Procmail offers the ability to pipe mail through programs (filters), and I use this facility from time to time. I'm getting quite a lot of denials when doing this and wonder what the right approach to fixing them is.



Case 1: a locally-written shell script called "spamdomain"
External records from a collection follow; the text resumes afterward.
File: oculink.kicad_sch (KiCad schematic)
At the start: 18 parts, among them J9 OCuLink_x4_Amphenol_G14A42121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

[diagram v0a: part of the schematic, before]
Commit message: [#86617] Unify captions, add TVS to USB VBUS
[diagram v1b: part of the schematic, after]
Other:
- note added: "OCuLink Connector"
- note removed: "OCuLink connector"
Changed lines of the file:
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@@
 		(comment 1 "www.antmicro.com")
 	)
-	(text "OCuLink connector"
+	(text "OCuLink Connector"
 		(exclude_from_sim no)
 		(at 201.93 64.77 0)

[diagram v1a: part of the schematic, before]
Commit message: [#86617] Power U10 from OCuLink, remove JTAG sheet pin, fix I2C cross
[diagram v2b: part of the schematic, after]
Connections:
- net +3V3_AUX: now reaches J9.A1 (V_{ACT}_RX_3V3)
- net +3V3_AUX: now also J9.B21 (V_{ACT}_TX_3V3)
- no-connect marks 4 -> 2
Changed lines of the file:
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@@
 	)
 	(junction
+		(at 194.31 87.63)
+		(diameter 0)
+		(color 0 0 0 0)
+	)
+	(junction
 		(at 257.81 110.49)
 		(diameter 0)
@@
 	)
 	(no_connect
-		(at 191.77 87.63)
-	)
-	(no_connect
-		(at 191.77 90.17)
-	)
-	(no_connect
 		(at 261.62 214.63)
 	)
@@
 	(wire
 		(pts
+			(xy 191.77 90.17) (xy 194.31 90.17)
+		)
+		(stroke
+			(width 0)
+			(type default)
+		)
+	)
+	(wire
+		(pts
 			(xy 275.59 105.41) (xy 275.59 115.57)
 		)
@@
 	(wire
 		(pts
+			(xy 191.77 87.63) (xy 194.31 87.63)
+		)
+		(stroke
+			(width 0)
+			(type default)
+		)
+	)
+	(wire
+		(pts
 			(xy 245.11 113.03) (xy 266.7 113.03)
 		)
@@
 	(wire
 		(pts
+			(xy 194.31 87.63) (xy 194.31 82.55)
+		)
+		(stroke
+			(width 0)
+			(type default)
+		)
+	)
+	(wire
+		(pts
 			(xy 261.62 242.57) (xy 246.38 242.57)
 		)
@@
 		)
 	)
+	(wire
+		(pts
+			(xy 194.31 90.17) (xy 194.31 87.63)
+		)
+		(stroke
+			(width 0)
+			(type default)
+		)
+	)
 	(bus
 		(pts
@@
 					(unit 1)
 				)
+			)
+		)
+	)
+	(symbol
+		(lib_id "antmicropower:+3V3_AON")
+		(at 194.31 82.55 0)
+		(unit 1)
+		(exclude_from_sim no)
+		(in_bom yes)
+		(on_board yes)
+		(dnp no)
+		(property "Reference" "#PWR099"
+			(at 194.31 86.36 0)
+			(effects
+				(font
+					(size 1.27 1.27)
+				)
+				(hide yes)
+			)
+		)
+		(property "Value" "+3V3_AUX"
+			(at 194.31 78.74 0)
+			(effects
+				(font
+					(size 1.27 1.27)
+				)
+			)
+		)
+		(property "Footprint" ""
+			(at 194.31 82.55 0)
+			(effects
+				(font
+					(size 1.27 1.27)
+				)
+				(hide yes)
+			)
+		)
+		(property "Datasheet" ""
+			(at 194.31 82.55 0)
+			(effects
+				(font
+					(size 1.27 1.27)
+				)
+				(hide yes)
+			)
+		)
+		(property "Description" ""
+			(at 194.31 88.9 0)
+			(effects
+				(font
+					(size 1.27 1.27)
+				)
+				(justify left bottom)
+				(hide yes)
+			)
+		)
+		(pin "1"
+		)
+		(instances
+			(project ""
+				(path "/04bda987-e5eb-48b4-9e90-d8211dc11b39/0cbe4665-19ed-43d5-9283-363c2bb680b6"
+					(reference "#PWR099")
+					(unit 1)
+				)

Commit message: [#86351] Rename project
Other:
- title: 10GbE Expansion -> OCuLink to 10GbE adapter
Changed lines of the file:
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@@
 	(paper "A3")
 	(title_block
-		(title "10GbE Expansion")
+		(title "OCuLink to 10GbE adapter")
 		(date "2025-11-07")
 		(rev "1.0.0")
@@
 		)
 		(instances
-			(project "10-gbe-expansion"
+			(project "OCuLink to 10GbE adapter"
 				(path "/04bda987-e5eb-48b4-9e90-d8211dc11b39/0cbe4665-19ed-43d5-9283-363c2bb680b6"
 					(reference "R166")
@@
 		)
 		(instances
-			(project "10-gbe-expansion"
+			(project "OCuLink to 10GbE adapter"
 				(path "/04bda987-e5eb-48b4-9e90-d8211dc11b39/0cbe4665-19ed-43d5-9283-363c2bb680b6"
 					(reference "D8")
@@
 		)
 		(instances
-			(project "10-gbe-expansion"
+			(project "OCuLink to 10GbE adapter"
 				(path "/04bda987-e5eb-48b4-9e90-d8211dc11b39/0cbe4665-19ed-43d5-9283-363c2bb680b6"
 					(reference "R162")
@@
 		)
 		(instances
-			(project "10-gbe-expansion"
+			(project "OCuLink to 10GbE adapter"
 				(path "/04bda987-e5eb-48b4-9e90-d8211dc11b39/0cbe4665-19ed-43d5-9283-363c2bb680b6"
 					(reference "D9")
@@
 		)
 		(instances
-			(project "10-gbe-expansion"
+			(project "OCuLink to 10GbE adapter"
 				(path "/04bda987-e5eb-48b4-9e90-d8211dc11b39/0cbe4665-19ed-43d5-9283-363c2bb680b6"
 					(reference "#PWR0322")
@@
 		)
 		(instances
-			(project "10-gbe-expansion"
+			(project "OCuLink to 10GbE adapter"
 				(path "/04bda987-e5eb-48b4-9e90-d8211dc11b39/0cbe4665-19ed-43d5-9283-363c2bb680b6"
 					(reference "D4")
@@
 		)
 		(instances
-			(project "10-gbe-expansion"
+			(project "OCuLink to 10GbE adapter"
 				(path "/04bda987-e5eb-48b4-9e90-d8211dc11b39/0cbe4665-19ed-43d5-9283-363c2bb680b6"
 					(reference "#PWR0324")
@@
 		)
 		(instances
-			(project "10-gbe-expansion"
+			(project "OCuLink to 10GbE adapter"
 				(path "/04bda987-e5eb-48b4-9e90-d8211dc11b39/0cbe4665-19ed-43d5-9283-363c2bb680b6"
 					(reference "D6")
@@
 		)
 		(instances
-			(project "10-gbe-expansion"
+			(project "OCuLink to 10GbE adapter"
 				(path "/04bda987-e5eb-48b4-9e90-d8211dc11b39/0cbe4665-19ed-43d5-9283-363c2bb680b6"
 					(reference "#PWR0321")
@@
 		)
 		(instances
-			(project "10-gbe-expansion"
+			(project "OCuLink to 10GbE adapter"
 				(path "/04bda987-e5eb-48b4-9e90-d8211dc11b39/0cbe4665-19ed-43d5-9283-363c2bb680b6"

This is in my ~/bin directory and of type user_home_t

Procmail recipe:
SPAMDOMAIN=`spamdomain`

Result:

Apr 11 16:14:29 goalkeeper kernel: audit(1144768469.242:8006): avc: denied { execute } for pid=16622 comm="procmail" name="spamdomain" dev=dm-1 ino=1399071 scontext=system_u:system_r:procmail_t:s0 tcontext=user_u:object_r:user_home_t:s0 tclass=file

Apr 11 16:14:29 goalkeeper kernel: audit(1144768469.242:8007): avc: denied { execute_no_trans } for pid=16622 comm="procmail" name="spamdomain" dev=dm-1 ino=1399071 scontext=system_u:system_r:procmail_t:s0 tcontext=user_u:object_r:user_home_t:s0 tclass=file


You could relabel it bin_t?

chcon -t bin_t ~/bin/spamdomain


Case 2: piping mail through "sa-learn"

I run spamass-milter to reject mail in-protocol and then my own local filter using procmail on anything that gets through. If I'm sure something's spam, I like spamassassin to learn about it so I might reject it earlier in future. So I pipe it through sa-learn (spamd_exec_t):

Shouldn't sa-learn be labeled spamc_exec_t?

If you change it to

chcon -t spamc_exec_t /usr/bin/sa-learn

Does it work?
Procmail recipe:
:0c
| sa-learn --username=paul@xxxxxxxxxxxx --spam >/dev/null 2>&1

Result:

Apr 11 16:14:41 goalkeeper kernel: audit(1144768481.743:8008): avc: denied { getattr } for pid=16718 comm="bash" name="sa-learn" dev=dm-3 ino=852750 scontext=system_u:system_r:procmail_t:s0 tcontext=system_u:object_r:spamd_exec_t:s0 tclass=file

Apr 11 16:14:41 goalkeeper kernel: audit(1144768481.747:8009): avc: denied { execute } for pid=16718 comm="bash" name="sa-learn" dev=dm-3 ino=852750 scontext=system_u:system_r:procmail_t:s0 tcontext=system_u:object_r:spamd_exec_t:s0 tclass=file

Apr 11 16:14:41 goalkeeper kernel: audit(1144768481.747:8010): avc: denied { read } for pid=16718 comm="bash" name="sa-learn" dev=dm-3 ino=852750 scontext=system_u:system_r:procmail_t:s0 tcontext=system_u:object_r:spamd_exec_t:s0 tclass=file

Apr 11 16:14:41 goalkeeper kernel: audit(1144768481.747:8011): avc: denied { execute_no_trans } for pid=16719 comm="bash" name="sa-learn" dev=dm-3 ino=852750 scontext=system_u:system_r:procmail_t:s0 tcontext=system_u:object_r:spamd_exec_t:s0 tclass=file

Apr 11 16:14:41 goalkeeper kernel: audit(1144768481.799:8012): avc: denied { ioctl } for pid=16719 comm="sa-learn" name="sa-learn" dev=dm-3 ino=852750 scontext=system_u:system_r:procmail_t:s0 tcontext=system_u:object_r:spamd_exec_t:s0 tclass=file

The "bash" denials will be due to procmail forking a shell to handle the redirects.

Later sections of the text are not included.